A hierarchical heterostructure consisting of amorphous FeNi(OH) _X nanosheets electrodeposited on crystalline Ni₃S₂ scaffolds with abundant catalytic active sites and superior electronic conductivity is reported to enhance its catalytic activity and long-term stability for overall water splitting.

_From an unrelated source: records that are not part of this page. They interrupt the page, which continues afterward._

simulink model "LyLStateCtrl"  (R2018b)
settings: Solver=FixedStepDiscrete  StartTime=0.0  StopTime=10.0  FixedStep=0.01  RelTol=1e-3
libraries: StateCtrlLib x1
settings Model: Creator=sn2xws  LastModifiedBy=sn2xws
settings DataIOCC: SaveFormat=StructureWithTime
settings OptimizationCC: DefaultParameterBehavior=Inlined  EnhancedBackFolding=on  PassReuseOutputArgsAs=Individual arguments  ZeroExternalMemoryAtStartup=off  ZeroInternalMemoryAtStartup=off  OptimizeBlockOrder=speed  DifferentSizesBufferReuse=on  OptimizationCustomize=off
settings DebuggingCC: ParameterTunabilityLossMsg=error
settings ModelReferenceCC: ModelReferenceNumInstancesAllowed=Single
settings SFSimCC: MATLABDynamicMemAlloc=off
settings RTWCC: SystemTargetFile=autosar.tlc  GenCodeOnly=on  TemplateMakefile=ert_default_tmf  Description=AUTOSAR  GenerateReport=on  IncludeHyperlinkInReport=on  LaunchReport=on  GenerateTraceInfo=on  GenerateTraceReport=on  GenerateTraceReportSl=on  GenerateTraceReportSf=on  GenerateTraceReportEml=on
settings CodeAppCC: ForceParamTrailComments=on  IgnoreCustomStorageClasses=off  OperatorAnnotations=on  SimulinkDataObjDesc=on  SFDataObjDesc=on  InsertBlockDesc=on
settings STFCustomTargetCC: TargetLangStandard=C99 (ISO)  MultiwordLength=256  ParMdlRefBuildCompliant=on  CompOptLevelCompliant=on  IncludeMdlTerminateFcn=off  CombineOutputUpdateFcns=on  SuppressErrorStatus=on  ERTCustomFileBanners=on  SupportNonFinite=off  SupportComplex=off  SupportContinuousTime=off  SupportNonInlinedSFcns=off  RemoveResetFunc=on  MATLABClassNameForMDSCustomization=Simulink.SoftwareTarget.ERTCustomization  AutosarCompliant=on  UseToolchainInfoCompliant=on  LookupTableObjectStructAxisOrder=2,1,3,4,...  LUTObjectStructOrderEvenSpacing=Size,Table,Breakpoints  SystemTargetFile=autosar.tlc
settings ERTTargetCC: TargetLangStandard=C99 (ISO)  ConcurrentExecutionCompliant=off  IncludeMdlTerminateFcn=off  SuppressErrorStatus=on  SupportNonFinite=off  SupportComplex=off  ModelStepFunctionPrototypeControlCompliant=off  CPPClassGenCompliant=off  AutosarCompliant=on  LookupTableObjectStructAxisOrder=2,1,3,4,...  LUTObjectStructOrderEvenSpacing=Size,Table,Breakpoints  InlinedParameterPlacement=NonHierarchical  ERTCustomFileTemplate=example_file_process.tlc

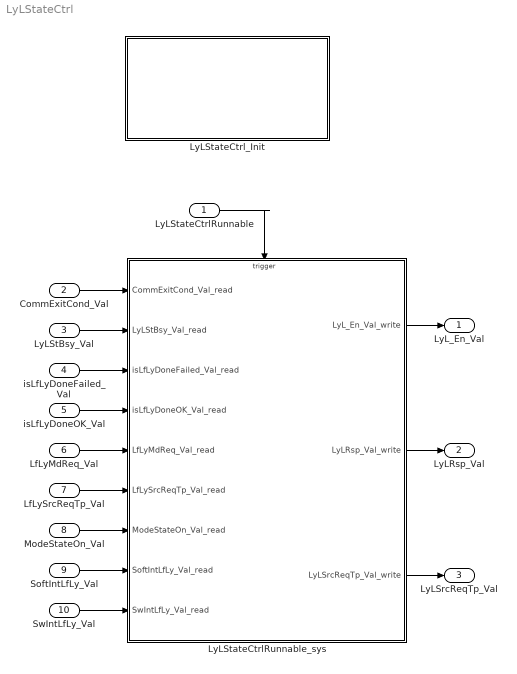
== system LyLStateCtrl ==
  LyLStateCtrlRunnable : Inport  SampleTime=0.01  OutputFunctionCall=on
  CommExitCond_Val : Inport  Port=2  OutDataTypeStr=boolean  PortDimensions=1
  LyLStBsy_Val : Inport  Port=3  OutDataTypeStr=boolean  PortDimensions=1
  isLfLyDoneFailed_Val : Inport  Port=4  OutDataTypeStr=boolean  PortDimensions=1
  isLfLyDoneOK_Val : Inport  Port=5  OutDataTypeStr=boolean  PortDimensions=1
  LfLyMdReq_Val : Inport  Port=6  OutDataTypeStr=boolean  PortDimensions=1
  LfLySrcReqTp_Val : Inport  Port=7  OutDataTypeStr=Enum: SrcReqTp1  PortDimensions=1
  ModeStateOn_Val : Inport  Port=8  OutDataTypeStr=boolean  PortDimensions=1
  SoftIntLfLy_Val : Inport  Port=9  OutDataTypeStr=IntEnable  PortDimensions=1
  SwIntLfLy_Val : Inport  Port=10  OutDataTypeStr=IntEnable  PortDimensions=1
  LyLStateCtrlRunnable_sys : Subsystem
  LyLStateCtrl_Init : Subsystem
  LyL_En_Val : Outport  OutDataTypeStr=boolean  PortDimensions=1
  LyLRsp_Val : Outport  Port=2  OutDataTypeStr=Enum: MdRspLocal1  PortDimensions=1
  LyLSrcReqTp_Val : Outport  Port=3  OutDataTypeStr=Enum: SrcReqTp1  PortDimensions=1
  wires:
  CommExitCond_Val/1 -> LyLStateCtrlRunnable_sys/1(CommExitCond_Val_read)
  LyLStBsy_Val/1 -> LyLStateCtrlRunnable_sys/2(LyLStBsy_Val_read)
  isLfLyDoneFailed_Val/1 -> LyLStateCtrlRunnable_sys/3(isLfLyDoneFailed_Val_read)
  isLfLyDoneOK_Val/1 -> LyLStateCtrlRunnable_sys/4(isLfLyDoneOK_Val_read)
  LfLyMdReq_Val/1 -> LyLStateCtrlRunnable_sys/5(LfLyMdReq_Val_read)
  LfLySrcReqTp_Val/1 -> LyLStateCtrlRunnable_sys/6(LfLySrcReqTp_Val_read)
  ModeStateOn_Val/1 -> LyLStateCtrlRunnable_sys/7(ModeStateOn_Val_read)
  SoftIntLfLy_Val/1 -> LyLStateCtrlRunnable_sys/8(SoftIntLfLy_Val_read)
  SwIntLfLy_Val/1 -> LyLStateCtrlRunnable_sys/9(SwIntLfLy_Val_read)
  LyLStateCtrlRunnable_sys/1(LyL_En_Val_write) -> LyL_En_Val/1
  LyLStateCtrlRunnable_sys/2(LyLRsp_Val_write) -> LyLRsp_Val/1
  LyLStateCtrlRunnable_sys/3(LyLSrcReqTp_Val_write) -> LyLSrcReqTp_Val/1
  LyLStateCtrlRunnable/1 -> LyLStateCtrlRunnable_sys/Trigger

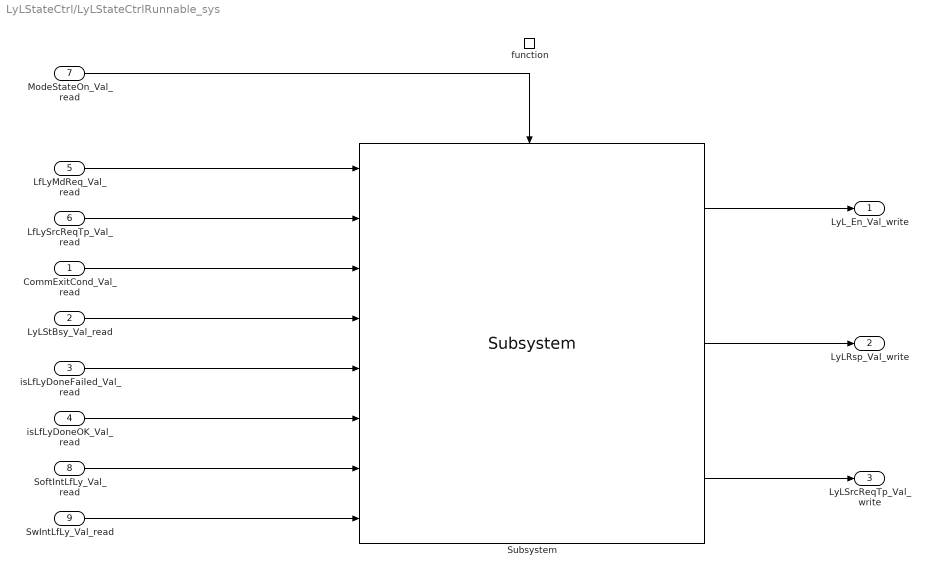
== system LyLStateCtrl/LyLStateCtrlRunnable_sys ==
  CommExitCond_Val_read : Inport
  LyLStBsy_Val_read : Inport  Port=2
  isLfLyDoneFailed_Val_read : Inport  Port=3
  isLfLyDoneOK_Val_read : Inport  Port=4
  LfLyMdReq_Val_read : Inport  Port=5
  LfLySrcReqTp_Val_read : Inport  Port=6
  ModeStateOn_Val_read : Inport  Port=7
  SoftIntLfLy_Val_read : Inport  Port=8  OutDataTypeStr=IntEnable
  SwIntLfLy_Val_read : Inport  Port=9  OutDataTypeStr=IntEnable
  function : TriggerPort  TriggerType=function-call  VariantControl=(inherit)  SampleTimeType=periodic  SampleTime=-1
  Subsystem : StateCtrlLib/Subsystem  SystemSampleTime=-1
  LyL_En_Val_write : Outport
      settings: EnsureOutportIsVirtual=on
  LyLRsp_Val_write : Outport  Port=2
      settings: EnsureOutportIsVirtual=on
  LyLSrcReqTp_Val_write : Outport  Port=3
      settings: EnsureOutportIsVirtual=on
  wires:
  LfLyMdReq_Val_read/1 -> Subsystem/1
  LfLySrcReqTp_Val_read/1 -> Subsystem/2
  isLfLyDoneOK_Val_read/1 -> Subsystem/6
  isLfLyDoneFailed_Val_read/1 -> Subsystem/5
  SoftIntLfLy_Val_read/1 -> Subsystem/7
  LyLStBsy_Val_read/1 -> Subsystem/4
  SwIntLfLy_Val_read/1 -> Subsystem/8
  CommExitCond_Val_read/1 -> Subsystem/3
  Subsystem/1 -> LyL_En_Val_write/1
  Subsystem/2 -> LyLRsp_Val_write/1
  Subsystem/3 -> LyLSrcReqTp_Val_write/1
  ModeStateOn_Val_read/1 -> Subsystem/Enable

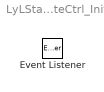
== system LyLStateCtrl/LyLStateCtrl_Init ==
  Event Listener : EventListener  EventName=reset

The advancement of inexpensive and productive bifunctional electrocatalysts for overall water splitting is essential for achieving hydrogen energy production. Herein, a hierarchical heterostructure catalyst composed of amorphous FeNi(OH) _X nanosheets supported on a crystalline Ni₃S₂ scaffold, which is anchored to nickel foam through a combined hydrothermal-electrodeposition strategy, is reported. The crystalline Ni₃S₂ framework exhibits metal-like electrical conductivity and optimized hydrogen adsorption kinetics, while the amorphous FeNi(OH) _X overlayer offers abundant adaptive active sites that enhance oxygen evolution reaction (OER) activity. The interfacial charge redistribution decreases the activation energy required for water splitting and accelerates the proton-coupled electron transfer process. Electrochemical tests demonstrate that the catalyst achieves performance at a current density of 10 mA cm⁻², with hydrogen evolution reaction (HER) and OER overpotentials as low as 78 and 183 mV, respectively. In addition, an alkaline electrolyzer assembled with this catalyst serving as both cathode and anode can sustain a current density of 10 mA cm⁻² with only 1.51 V and keep a long-term stability exceeding 100 h, surpassing the performance of commercial Pt/C||IrO₂ systems. This study provides a design paradigm that integrates conductive crystalline frameworks with amorphous layers, addressing the tradeoff between conductivity and catalytic multifunctionality in nonprecious metal electrocatalysts.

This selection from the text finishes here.